1
votes

Background

This archhitecture relies solely on Lambda's asyncronous invocation mechanism as described here:

https://docs.aws.amazon.com/lambda/latest/dg/invocation-async.html

I have a collector function that is invoked once a minute and fetches a batch of data in that can vary drastically in size (tens of of KB to potentially 1-3MB). The data contains a JSON array containing one-to-many records. The collector function segregates these records and publishes them individually to an SNS topic.

A parser function is subribed the SNS topic and has a concurrency limit of 3. SNS asynchronously invokes the parser function per record, meaning that the built-in AWS managed Lambda asyncronous queue begins to fill up as the instances of the parser maxes out at 3. The Lambda queueing mechanism initiates retries at incremental backups when throttling occurs, until the invocation request can be processed by the parser function.

It is imperitive that a record does not get lost during this process as they can not be resurrected. I will be using dead letter queues where needed to ensure they ultimately end up somewhere in case of error.

Testing this method out resulted in no lost invocation. Everything worked as expected. Lambda reported hundreds of throttle responses but I'm relying on this to initiate the Lambda retry behaviour for async invocations. My understanding is that this behaivour is effectively the same as that which I'd have to develop and initiate myself if I wanted to retry consuming a message coming from SQS.

Questions

1. Is the built-in AWS managed Lambda asyncronous queue reliable?

The parser could be subject to a consistent load of 200+ invocations per minute for prelonged periods so I want to understand whether the Lambda queue can handle this as sensibly as an SQS service. The main part that concerns me is this statement:

Even if your function doesn't return an error, it's possible for it to receive the same event from Lambda multiple times because the queue itself is eventually consistent.
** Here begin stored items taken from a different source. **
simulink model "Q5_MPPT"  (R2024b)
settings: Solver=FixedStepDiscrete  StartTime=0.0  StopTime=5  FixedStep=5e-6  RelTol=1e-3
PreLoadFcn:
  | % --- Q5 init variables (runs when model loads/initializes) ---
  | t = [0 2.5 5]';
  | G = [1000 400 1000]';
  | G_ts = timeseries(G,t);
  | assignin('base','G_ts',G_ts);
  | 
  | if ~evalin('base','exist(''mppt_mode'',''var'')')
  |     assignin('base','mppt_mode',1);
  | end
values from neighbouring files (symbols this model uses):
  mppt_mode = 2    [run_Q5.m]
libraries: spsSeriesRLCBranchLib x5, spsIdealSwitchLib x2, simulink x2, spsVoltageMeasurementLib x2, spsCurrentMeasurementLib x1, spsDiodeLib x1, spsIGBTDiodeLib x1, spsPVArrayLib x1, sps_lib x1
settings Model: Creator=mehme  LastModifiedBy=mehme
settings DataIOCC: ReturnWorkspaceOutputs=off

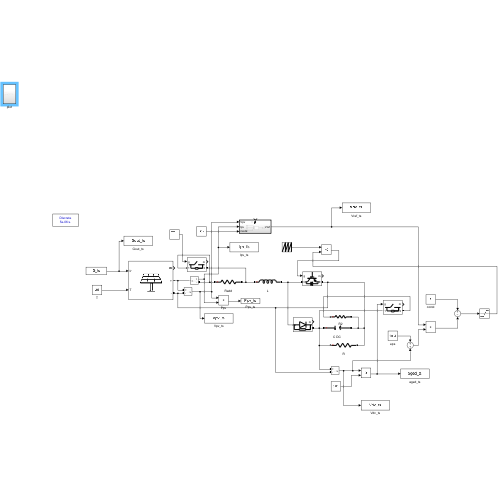
[thumbnail: Simulink's stored preview of the top-level diagram]
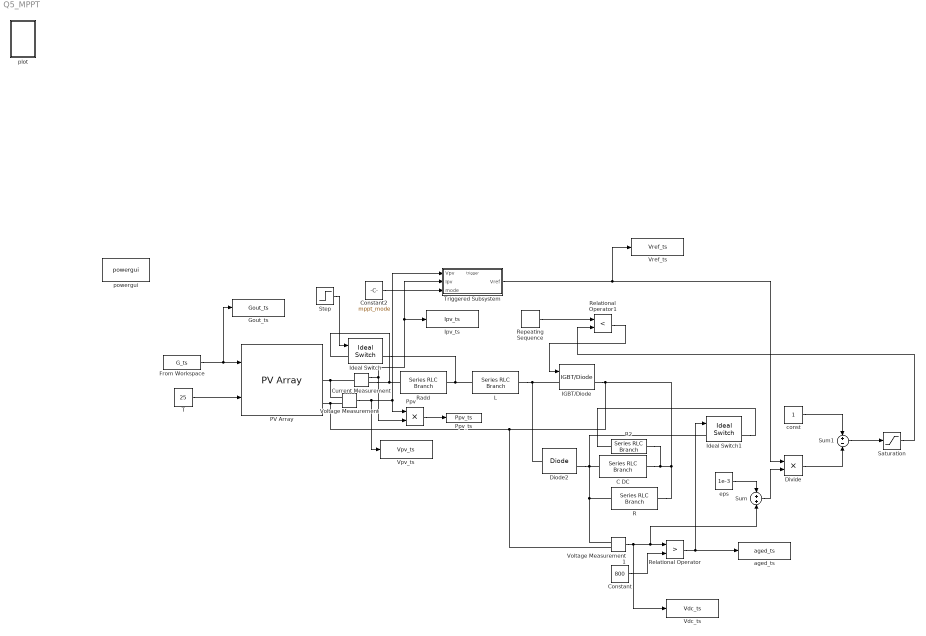
== system Q5_MPPT ==
  "C DC " : spsSeriesRLCBranchLib/Series RLC Branch  LConnTagsString=__new0  RConnTagsString=__new0  BranchType=C  Resistance=1  Inductance=2e-3  SetiL0=off  InitialCurrent=0  Capacitance=2e-3  Setx0=off  InitialVoltage=0  Measurements=None
  Constant : Constant  Value=800
  Constant2 : Constant  Value=mppt_mode
  Current Measurement : spsCurrentMeasurementLib/Current Measurement  PhasorSimulation=off  OutputType=Complex  PSBequivalent=0
  Diode2 : spsDiodeLib/Diode  Ron=0.001  Lon=0  Vf=0.8  IC=0  UseSnubber=0  Rs=500  Cs=250e-9  Measurements=on
  Divide : Product
  From Workspace : FromWorkspace  VariableName=G_ts  SampleTime=2e-4
  Gout_ts : ToWorkspace  VariableName=Gout_ts  SaveFormat=Timeseries  SampleTime=-1
  IGBT/Diode : spsIGBTDiodeLib/IGBT//Diode  Ron=1e-3  Rs=1e5  Cs=inf  Measurements=on
  Ideal Switch : spsIdealSwitchLib/Ideal Switch  Ron=0.001  Lon=0  IC=0  Rs=1e5  Cs=inf  Measurements=on
  Ideal Switch1 : spsIdealSwitchLib/Ideal Switch  Ron=0.001  Lon=0  IC=0  Rs=1e5  Cs=inf  Measurements=on
  Ipv_ts : ToWorkspace  VariableName=Ipv_ts  SaveFormat=Timeseries  SampleTime=-1
  L : spsSeriesRLCBranchLib/Series RLC Branch  LConnTagsString=__new0  RConnTagsString=__new0  BranchType=L  Resistance=1  Inductance=2e-3  SetiL0=off  InitialCurrent=0  Capacitance=1e-6  Setx0=off  InitialVoltage=0  Measurements=None
  PV Array : spsPVArrayLib/PV Array  Npar=11  Nser=22  PlotType=array @ 1000 W/m2 & specified temperatures  S_vec="[ 1000  500  100 ]"  Temp_C_vec="[ 45 25  ]"  ModuleName=User-defined  PlotWhenSelected=off  Pm=213.15  Ncell=60  Voc=36.3  Isc=7.84  Vm=29  Im=7.35  beta_Voc_pc=-0.36099  alpha_Isc_pc=0.102  beta_Voc=-0.13104  alpha_Isc=0.0079968  IL=7.8654  I0=2.9273e-10  nI=0.98119  Rsh=313.0553  Rs=0.39381  RobustModel=off  RobustCellTemperature=313.3991  BAL=on  Tc=1e-6  Tfilter=5e-5
  Ppv : Product
  Ppv_ts : ToWorkspace  VariableName=Ppv_ts  SaveFormat=Timeseries  SampleTime=-1
  R : spsSeriesRLCBranchLib/Series RLC Branch  LConnTagsString=__new0  RConnTagsString=__new0  BranchType=R  Resistance=10  Inductance=2e-3  SetiL0=off  InitialCurrent=0  Capacitance=2e-3  Setx0=off  InitialVoltage=0  Measurements=None
  R2 : spsSeriesRLCBranchLib/Series RLC Branch  LConnTagsString=__new0  RConnTagsString=__new0  BranchType=R  Resistance=20  Inductance=2e-3  SetiL0=off  InitialCurrent=0  Capacitance=1e-6  Setx0=off  InitialVoltage=0  Measurements=None
  Radd : spsSeriesRLCBranchLib/Series RLC Branch  LConnTagsString=__new0  RConnTagsString=__new0  BranchType=R  Resistance=0.08  Inductance=1e-3  SetiL0=off  InitialCurrent=0  Capacitance=1e-6  Setx0=off  InitialVoltage=0  Measurements=None
  Relational Operator : RelationalOperator  Operator=>  OutDataTypeStr=boolean  RndMeth=Simplest  InputSameDT=off
  Relational Operator1 : RelationalOperator  Operator=<  OutDataTypeStr=boolean  RndMeth=Simplest  InputSameDT=off
  Repeating Sequence : simulink/Sources/Repeating Sequence  rep_seq_t=[0 2e-4]  rep_seq_y=[0 1]
  Saturation : Saturate  UpperLimit=0.95  LowerLimit=0.05
  Step : Step  Time=2.5  Before=1  After=0  SampleTime=0
  Sum : Sum
  Sum1 : Sum  Inputs=+-
  T : Constant  Value=25
  Triggered Subsystem : Subsystem  TreatAsAtomicUnit=on
  Vdc_ts : ToWorkspace  VariableName=Vdc_ts  SaveFormat=Timeseries  SampleTime=-1
  Voltage Measurement : spsVoltageMeasurementLib/Voltage Measurement  PhasorSimulation=off  OutputType=Complex  PSBequivalent=0
  Voltage Measurement1 : spsVoltageMeasurementLib/Voltage Measurement  PhasorSimulation=off  OutputType=Complex  PSBequivalent=0
  Vpv_ts : ToWorkspace  VariableName=Vpv_ts  SaveFormat=Timeseries  SampleTime=-1
  Vref_ts : ToWorkspace  VariableName=Vref_ts  SaveFormat=Timeseries  SampleTime=-1
  aged_ts : ToWorkspace  VariableName=aged_ts  SaveFormat=Timeseries  SampleTime=-1
  const : Constant
  eps : Constant  Value=1e-3
  plot : Subsystem
  powergui : sps_lib/powergui  Priority=1  SimulationMode=Discrete  SampleTime=5e-6  frequency=60  Iterations=50  frequencyindice=0  Pbase=100e6  ErrMax=1e-4  UnitsV=kV  UnitsW=MW  buscounter=0  FunctionMessages=off  echomessages=off  EnableUseOfTLC=off  CurrentSourceSwitches=off  DisableSnubberDevices=off  DisableRonSwitches=off  DisableVfSwitches=off  DisplayEquations=off  AutomaticDiscreteSolvers=off  SolverType=Tustin/Backward Euler (TBE)  Interpol=off  ExternalGateDelay=off  methode=off  Ts=100  x0status=blocks  SPID=on  SwTol=0  HookPort=off  NonlinearTolerance=1e-4  nMaxIteration=100  ContinueOnMaxIteration=off  RestoreLinks=warning  ResistiveCurrentMeasurement=off  Frange=[0:2:500]  Ylog=off  Xlog=on  ShowGrid=off  save=off  variable=ZData  structure=0  ZoomFFT=off  StartTime=0.0  cycles=1  DisplayStyle=1  fundamental=60  FreqAxis=off  MaxFrequency=1000  frequencyindicesteady=1  RmsSteady=1  display=off
  wires:
  T/1 -> PV Array/2
  From Workspace/1 -> Gout_ts/1, PV Array/1
  Step/1 -> Ideal Switch/1
  Voltage Measurement/1 -> Ppv/1, Triggered Subsystem/1(Vpv), Vpv_ts/1
  Current Measurement/1 -> Ipv_ts/1, Triggered Subsystem/2(Ipv), Ppv/2
  Constant/1 -> Relational Operator/2
  Relational Operator/1 -> aged_ts/1, Ideal Switch1/1
  Repeating Sequence/1 -> Relational Operator1/1
  Relational Operator1/1 -> IGBT/Diode/1
  Constant2/1 -> Triggered Subsystem/3(mode)
  Triggered Subsystem/1(Vref) -> Vref_ts/1, Divide/1
  Sum/1 -> Divide/2
  eps/1 -> Sum/1
  const/1 -> Sum1/1
  Divide/1 -> Sum1/2
  Sum1/1 -> Saturation/1
  Saturation/1 -> Relational Operator1/2
  Voltage Measurement1/1 -> Vdc_ts/1, Sum/2, Relational Operator/1
  Ppv/1 -> Ppv_ts/1
  connections:
  Current Measurement/LConn1 -- Voltage Measurement/LConn1 -- PV Array/RConn1
  Voltage Measurement/LConn2 -- R2/RConn1 -- "C DC "/RConn1 -- R/RConn1 -- IGBT/Diode/RConn1 -- Voltage Measurement1/LConn2 -- PV Array/RConn2
  Current Measurement/RConn1 -- Ideal Switch/LConn1 -- Radd/LConn1
  Radd/RConn1 -- Ideal Switch/RConn1 -- L/LConn1
  L/RConn1 -- Diode2/LConn1 -- IGBT/Diode/LConn1
  Diode2/RConn1 -- Ideal Switch1/LConn1 -- Voltage Measurement1/LConn1 -- R/LConn1 -- "C DC "/LConn1
  Ideal Switch1/RConn1 -- R2/LConn1

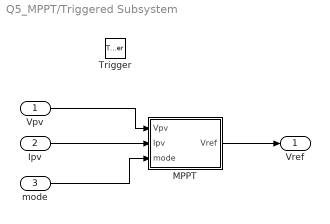
== system Q5_MPPT/Triggered Subsystem ==
  Vpv : Inport
  Ipv : Inport  Port=2
  mode : Inport  Port=3
  Trigger : TriggerPort  VariantControl=(inherit)
  MPPT : MATLAB Function  TreatAsAtomicUnit=on
  Vref : Outport
  wires:
  Vpv/1 -> MPPT/1(Vpv)
  Ipv/1 -> MPPT/2(Ipv)
  mode/1 -> MPPT/3(mode)
  MPPT/1(Vref) -> Vref/1

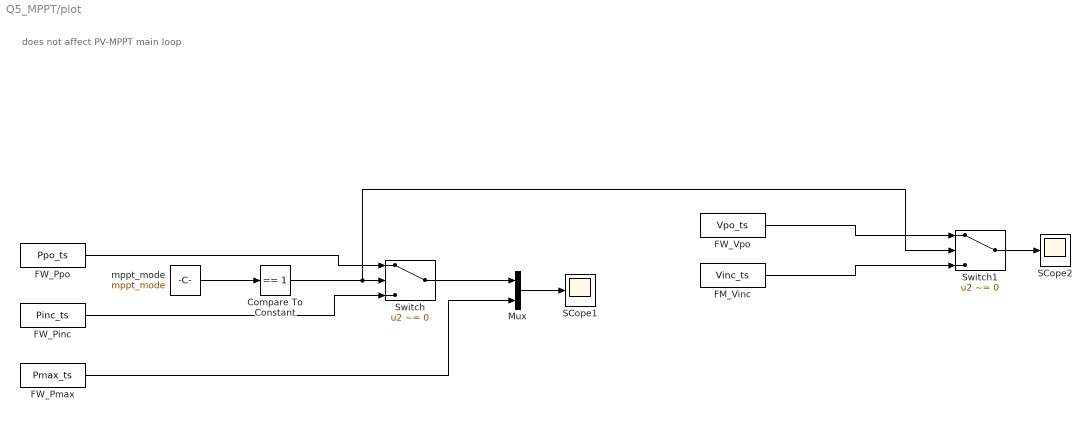
== system Q5_MPPT/plot ==
  note: does not affect PV-MPPT main loop
  Compare To Constant : simulink/Logic and Bit Operations/Compare To Constant  relop===  const=1  OutDataTypeStr=boolean
  FM_Vinc : FromWorkspace  VariableName=Vinc_ts  SampleTime=1e-3
  FW_Pinc : FromWorkspace  VariableName=Pinc_ts  SampleTime=1e-3
  FW_Pmax : FromWorkspace  VariableName=Pmax_ts  SampleTime=1e-3
  FW_Ppo : FromWorkspace  VariableName=Ppo_ts  SampleTime=1e-3
  FW_Vpo : FromWorkspace  VariableName=Vpo_ts  SampleTime=1e-3
  Mux : Mux  Inputs=2
  SCope1 : Scope
  SCope2 : Scope
  Switch : Switch  Criteria=u2 ~= 0  SaturateOnIntegerOverflow=off  InputSameDT=off
  Switch1 : Switch  Criteria=u2 ~= 0  SaturateOnIntegerOverflow=off  InputSameDT=off
  mppt_mode : Constant  Value=mppt_mode
  wires:
  FW_Pmax/1 -> Mux/2
  Compare To Constant/1 -> Switch1/2, Switch/2
  FW_Vpo/1 -> Switch1/1
  FW_Pinc/1 -> Switch/3
  Switch1/1 -> SCope2/1
  FM_Vinc/1 -> Switch1/3
  Switch/1 -> Mux/1
  mppt_mode/1 -> Compare To Constant/1
  Mux/1 -> SCope1/1
  FW_Ppo/1 -> Switch/1

== matlab function Q5_MPPT/Triggered Subsystem/MPPT ==
  data: Vpv input; Vref output; Ipv input; mode input
function Vref = MPPT(Vpv, Ipv, mode)
% mode: 1 = Adaptive P&O, 2 = Incremental Conductance

Vmin = 500; 
Vmax = 800;

% Adaptive P&O params
Ks    = 0.01;
dVmin = 0.2;
dVmax = 10;

% InC params
dVfix   = 1.0;
epsCond = 0.002;
Pdb     = 50;
Vdb     = 0.2;
kdrift  = 0.02;

persistent Vref_k Vprev Iprev Pprev
if isempty(Vref_k)
    Vref_k = 650;
    Vprev  = Vpv;
    Iprev  = Ipv;
    Pprev  = Vpv*Ipv;
end

P   = Vpv*Ipv;
dV  = Vpv - Vprev;
dI  = Ipv - Iprev;
dP  = P   - Pprev;

eps = 1e-6;

if mode == 1
    slope = dP/(dV + eps);
    dVstep = Ks*abs(slope);
    if dVstep < dVmin, dVstep = dVmin; end
    if dVstep > dVmax, dVstep = dVmax; end

    if dP > 0
        if dV >= 0
            Vref_k = Vref_k + dVstep;
        else
            Vref_k = Vref_k - dVstep;
        end
    else
        if dV >= 0
            Vref_k = Vref_k - dVstep;
        else
            Vref_k = Vref_k + dVstep;
        end
    end

else
    if abs(dV) < eps
        if abs(dI) > eps
            Vref_k = Vref_k + sign(dI)*dVfix;
        end
    else
        incCond = dI/(dV + eps);
        err = incCond + Ipv/(Vpv + eps);

        if err > epsCond
            Vref_k = Vref_k + dVfix;
        elseif err < -epsCond
            Vref_k = Vref_k - dVfix;
        else
            if abs(dP) < Pdb && abs(dV) < Vdb
                Vref_k = Vref_k + kdrift*(Vpv - Vref_k);
            end
        end
    end
end

if Vref_k < Vmin, Vref_k = Vmin; end
if Vref_k > Vmax, Vref_k = Vmax; end

Vref = Vref_k;

Vprev = Vpv;
Iprev = Ipv;
Pprev = P;
end

If the function can't keep up with incoming events, events might also be deleted from the queue without being sent to the function. Ensure that your function code gracefully handles duplicate events, and that you have enough concurrency available to handle all invocations.

This implies that an incoming invocation may just be deleted out of thin air. Also in my implementation I'm relying on the retry behaviour when a function throttles.

2. When a message is in the queue, what happens when the message timeout is exceeded?

I can't find a difinitive answer but I'm hoping the message would end up in the configured dead letter queue.

3. Why would I use SQS over the Lambda queue when SQS presents other problems?

See the articles below for arguments against SQS. Overpulling (described in the second link) is of particular concern:

https://lumigo.io/blog/sqs-and-lambda-the-missing-guide-on-failure-modes/

https://medium.com/@zaccharles/lambda-concurrency-limits-and-sqs-triggers-dont-mix-well-sometimes-eb23d90122e0

I can't find any articles or discussions of how the Lambda queue performs.

Thanks for reading!

2

2 Answers

0
votes

Quite an interesting question. There's a presentation that covered queues in detail. I can't find it at the moment. The premise is the same as this queues are leaky buckets

So what if I add more Leaky Buckets. We'll you've delayed the leaking, however it's now leaking into another bucket. Have you solved the problem or delayed it?

What if I vibrate the buckets at different frequencies?

Further reading:

TL;DR;

It depends

0
votes

I think the biggest advantage of using your own queue is the fact that you as a user have visibility into the state of the your backpressure.

Using the Lambda async invoke method, you have the potential to get throttled exceptions with the 'guarantee' that lambda will retry over an interval. If using a SQS source queue instead, you have complete visibility into the state of your message processing at all times with no ambiguity.

Secondly regarding overpulling. In theory this is a concern but in practice its never happened to me. I've run applications requiring thousands of transactions per second and never once had problems with SQS -> Lambda. Obviously set your retry policy appropriately and use a DLQ as transient/unpredictable errors CAN occur.